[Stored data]
··········
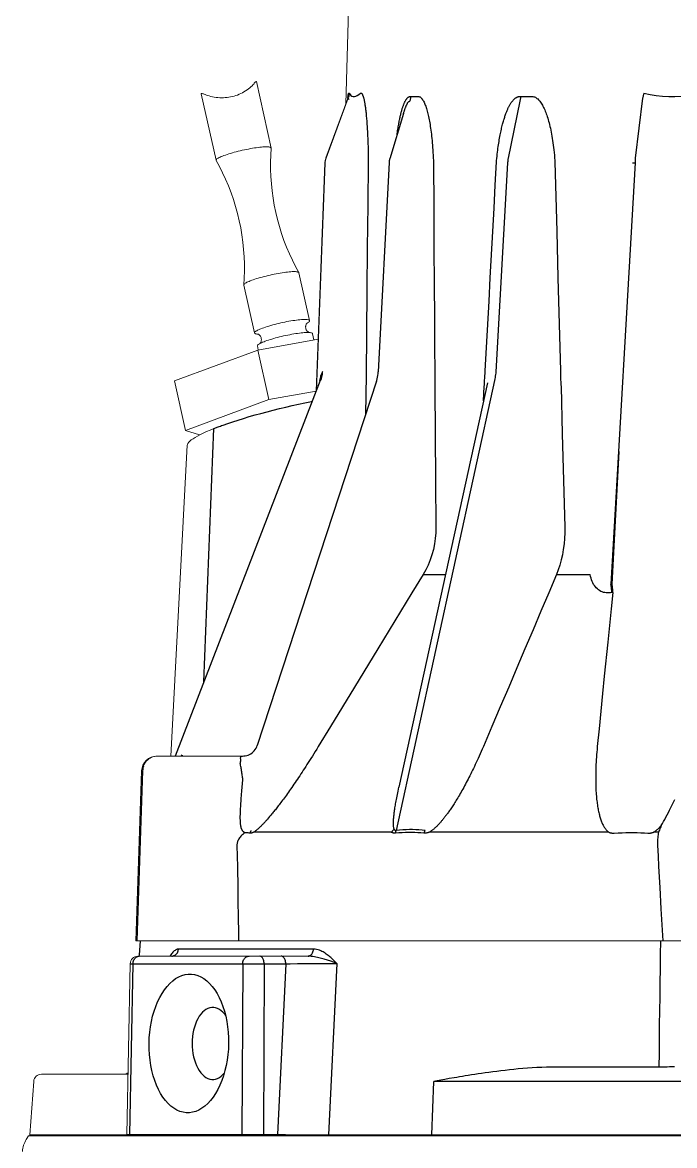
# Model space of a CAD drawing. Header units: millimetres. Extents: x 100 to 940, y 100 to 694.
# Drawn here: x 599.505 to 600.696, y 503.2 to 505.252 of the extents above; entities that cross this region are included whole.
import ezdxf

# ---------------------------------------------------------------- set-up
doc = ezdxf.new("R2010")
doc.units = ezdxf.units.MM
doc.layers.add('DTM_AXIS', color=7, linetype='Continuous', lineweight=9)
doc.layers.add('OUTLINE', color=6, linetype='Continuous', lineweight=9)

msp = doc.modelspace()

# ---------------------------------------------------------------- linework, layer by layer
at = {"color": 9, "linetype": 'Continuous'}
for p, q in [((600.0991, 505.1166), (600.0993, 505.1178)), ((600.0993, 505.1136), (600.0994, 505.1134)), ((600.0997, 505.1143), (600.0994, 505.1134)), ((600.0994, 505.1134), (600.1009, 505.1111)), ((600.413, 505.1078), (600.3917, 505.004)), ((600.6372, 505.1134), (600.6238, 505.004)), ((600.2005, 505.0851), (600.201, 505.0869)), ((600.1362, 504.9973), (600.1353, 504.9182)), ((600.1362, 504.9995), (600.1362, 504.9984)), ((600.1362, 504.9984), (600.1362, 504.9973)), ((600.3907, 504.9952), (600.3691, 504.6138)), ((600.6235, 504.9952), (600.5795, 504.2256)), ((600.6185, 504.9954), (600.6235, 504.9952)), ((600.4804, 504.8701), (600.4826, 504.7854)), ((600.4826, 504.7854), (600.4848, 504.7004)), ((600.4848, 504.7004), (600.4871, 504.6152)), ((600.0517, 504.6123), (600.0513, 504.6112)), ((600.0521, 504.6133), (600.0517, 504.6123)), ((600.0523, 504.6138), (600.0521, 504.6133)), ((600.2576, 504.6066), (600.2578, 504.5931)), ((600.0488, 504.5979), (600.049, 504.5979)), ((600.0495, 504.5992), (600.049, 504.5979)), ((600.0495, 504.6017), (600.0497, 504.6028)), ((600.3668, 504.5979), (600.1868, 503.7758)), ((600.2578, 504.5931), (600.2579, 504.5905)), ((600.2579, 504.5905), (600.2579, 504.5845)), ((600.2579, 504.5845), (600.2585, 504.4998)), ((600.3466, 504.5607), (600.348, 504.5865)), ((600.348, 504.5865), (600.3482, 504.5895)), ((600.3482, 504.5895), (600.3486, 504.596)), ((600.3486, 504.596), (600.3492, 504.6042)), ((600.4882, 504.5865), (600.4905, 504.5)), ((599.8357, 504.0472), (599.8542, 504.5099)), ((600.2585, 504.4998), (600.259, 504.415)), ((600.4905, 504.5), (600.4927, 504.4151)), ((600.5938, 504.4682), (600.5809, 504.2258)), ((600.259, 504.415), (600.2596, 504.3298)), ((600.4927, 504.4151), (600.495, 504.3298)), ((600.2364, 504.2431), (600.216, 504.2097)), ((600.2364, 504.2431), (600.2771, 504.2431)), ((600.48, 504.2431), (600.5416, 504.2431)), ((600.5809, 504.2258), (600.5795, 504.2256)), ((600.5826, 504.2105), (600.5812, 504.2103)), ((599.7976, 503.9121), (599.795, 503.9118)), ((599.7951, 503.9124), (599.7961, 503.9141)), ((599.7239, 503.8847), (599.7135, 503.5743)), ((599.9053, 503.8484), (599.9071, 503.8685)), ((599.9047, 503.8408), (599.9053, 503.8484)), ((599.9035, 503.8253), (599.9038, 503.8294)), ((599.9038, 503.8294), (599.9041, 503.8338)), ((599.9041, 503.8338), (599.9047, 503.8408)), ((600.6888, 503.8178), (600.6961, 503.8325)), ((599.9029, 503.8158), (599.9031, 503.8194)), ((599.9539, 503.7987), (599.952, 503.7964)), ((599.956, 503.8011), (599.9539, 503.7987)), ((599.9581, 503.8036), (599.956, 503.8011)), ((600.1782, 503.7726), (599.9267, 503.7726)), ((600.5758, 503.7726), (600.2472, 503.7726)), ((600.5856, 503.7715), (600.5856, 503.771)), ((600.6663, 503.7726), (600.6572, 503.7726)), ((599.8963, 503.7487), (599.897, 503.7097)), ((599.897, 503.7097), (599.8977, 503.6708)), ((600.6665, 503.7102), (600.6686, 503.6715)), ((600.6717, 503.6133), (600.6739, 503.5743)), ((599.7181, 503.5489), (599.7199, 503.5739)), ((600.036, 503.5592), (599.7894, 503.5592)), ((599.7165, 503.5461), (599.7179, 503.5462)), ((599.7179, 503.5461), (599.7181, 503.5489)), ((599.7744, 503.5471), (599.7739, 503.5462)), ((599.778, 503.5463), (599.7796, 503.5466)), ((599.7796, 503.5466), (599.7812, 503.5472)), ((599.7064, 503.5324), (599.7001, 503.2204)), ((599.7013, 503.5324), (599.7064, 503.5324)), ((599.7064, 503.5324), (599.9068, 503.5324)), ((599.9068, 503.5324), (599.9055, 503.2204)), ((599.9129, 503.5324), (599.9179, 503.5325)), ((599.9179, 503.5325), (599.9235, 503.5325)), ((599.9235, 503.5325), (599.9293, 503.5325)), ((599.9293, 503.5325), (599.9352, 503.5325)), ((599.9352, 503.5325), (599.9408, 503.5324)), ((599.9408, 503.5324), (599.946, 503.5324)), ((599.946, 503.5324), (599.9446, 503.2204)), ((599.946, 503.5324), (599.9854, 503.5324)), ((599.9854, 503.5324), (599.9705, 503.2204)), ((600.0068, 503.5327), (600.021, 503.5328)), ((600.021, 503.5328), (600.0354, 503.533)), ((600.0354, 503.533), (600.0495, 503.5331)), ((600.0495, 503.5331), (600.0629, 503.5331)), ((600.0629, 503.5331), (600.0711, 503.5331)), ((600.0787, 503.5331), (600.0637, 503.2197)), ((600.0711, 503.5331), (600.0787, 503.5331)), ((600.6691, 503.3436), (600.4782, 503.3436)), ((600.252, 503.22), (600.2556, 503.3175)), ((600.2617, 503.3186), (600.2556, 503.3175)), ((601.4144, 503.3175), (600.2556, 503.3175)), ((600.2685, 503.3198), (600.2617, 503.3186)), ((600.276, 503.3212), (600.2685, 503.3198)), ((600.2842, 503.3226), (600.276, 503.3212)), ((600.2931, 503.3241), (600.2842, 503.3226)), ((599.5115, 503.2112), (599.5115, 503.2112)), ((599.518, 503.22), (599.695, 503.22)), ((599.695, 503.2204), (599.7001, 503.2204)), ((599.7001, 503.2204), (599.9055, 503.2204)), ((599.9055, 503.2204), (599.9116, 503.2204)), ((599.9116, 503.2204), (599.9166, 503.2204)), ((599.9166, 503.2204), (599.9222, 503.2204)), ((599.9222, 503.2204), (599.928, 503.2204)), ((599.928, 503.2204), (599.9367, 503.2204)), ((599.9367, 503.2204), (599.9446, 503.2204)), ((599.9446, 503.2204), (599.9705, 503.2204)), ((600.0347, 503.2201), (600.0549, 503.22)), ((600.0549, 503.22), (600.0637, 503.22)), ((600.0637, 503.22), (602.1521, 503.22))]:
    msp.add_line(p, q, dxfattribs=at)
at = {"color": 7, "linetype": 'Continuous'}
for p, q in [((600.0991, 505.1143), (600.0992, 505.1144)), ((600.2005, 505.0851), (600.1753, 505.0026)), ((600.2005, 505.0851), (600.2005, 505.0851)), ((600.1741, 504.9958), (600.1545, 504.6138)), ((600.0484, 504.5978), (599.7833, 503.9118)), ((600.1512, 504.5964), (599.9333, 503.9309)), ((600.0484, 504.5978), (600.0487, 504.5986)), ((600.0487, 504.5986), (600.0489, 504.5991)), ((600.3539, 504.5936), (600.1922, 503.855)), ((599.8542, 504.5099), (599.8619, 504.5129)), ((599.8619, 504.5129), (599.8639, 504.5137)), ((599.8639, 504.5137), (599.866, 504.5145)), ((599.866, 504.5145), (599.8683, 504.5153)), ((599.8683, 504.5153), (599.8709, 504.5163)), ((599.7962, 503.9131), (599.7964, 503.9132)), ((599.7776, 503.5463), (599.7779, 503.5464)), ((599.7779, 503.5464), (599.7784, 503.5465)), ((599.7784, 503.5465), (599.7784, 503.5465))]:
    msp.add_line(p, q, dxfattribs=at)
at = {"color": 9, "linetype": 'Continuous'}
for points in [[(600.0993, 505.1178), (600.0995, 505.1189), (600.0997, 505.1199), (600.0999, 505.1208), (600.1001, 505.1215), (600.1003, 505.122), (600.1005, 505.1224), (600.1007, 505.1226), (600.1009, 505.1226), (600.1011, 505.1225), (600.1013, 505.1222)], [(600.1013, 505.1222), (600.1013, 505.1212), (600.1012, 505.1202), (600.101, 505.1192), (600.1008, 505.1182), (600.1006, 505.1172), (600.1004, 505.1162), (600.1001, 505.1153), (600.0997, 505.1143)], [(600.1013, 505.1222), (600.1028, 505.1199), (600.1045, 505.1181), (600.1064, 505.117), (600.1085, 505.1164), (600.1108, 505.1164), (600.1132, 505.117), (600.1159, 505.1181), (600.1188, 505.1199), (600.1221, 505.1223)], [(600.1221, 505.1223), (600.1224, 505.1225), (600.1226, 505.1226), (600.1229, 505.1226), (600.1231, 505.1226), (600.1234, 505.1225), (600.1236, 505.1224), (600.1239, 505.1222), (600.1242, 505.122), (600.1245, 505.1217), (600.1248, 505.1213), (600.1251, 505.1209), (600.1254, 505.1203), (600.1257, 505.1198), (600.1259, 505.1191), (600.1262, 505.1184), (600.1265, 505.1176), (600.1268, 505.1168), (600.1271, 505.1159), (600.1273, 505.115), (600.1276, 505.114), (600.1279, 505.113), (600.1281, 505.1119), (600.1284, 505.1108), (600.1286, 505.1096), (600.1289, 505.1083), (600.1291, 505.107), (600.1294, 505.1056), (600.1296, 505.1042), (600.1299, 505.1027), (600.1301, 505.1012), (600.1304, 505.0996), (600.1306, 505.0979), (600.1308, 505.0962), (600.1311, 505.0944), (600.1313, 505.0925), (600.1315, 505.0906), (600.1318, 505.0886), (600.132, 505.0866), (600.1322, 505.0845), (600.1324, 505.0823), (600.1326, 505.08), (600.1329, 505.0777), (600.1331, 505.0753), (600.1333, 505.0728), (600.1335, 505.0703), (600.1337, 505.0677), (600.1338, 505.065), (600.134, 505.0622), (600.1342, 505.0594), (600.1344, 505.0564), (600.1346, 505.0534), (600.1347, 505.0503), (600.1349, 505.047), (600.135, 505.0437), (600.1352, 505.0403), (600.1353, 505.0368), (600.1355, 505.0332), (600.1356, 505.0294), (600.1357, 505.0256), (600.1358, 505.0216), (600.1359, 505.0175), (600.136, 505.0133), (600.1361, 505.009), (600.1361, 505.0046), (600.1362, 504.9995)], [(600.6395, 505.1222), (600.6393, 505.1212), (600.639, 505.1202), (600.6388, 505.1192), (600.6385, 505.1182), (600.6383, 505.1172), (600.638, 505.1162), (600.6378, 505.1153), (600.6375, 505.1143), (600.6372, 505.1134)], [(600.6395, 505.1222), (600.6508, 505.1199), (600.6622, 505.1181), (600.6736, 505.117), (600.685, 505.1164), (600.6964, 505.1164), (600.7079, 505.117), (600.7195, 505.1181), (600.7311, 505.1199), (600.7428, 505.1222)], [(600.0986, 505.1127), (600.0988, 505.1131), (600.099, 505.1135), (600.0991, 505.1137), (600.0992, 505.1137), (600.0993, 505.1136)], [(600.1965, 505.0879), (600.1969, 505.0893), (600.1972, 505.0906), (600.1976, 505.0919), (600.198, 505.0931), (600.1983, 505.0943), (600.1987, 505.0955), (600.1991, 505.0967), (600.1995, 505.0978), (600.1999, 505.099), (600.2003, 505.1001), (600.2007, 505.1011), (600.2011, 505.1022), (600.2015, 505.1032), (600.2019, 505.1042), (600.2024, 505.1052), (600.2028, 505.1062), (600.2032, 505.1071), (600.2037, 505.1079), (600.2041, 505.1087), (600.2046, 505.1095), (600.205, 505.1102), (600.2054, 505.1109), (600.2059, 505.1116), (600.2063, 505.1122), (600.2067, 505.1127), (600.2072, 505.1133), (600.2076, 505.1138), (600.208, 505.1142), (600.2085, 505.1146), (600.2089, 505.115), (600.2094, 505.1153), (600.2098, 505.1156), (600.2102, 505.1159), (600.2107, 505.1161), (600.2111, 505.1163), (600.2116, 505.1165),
··········
[Your assignment]: Look through the records above for the string "ezdxf", then copy every line that has it.

[Response area]:
import ezdxf
doc = ezdxf.new("R2010")
doc.units = ezdxf.units.MM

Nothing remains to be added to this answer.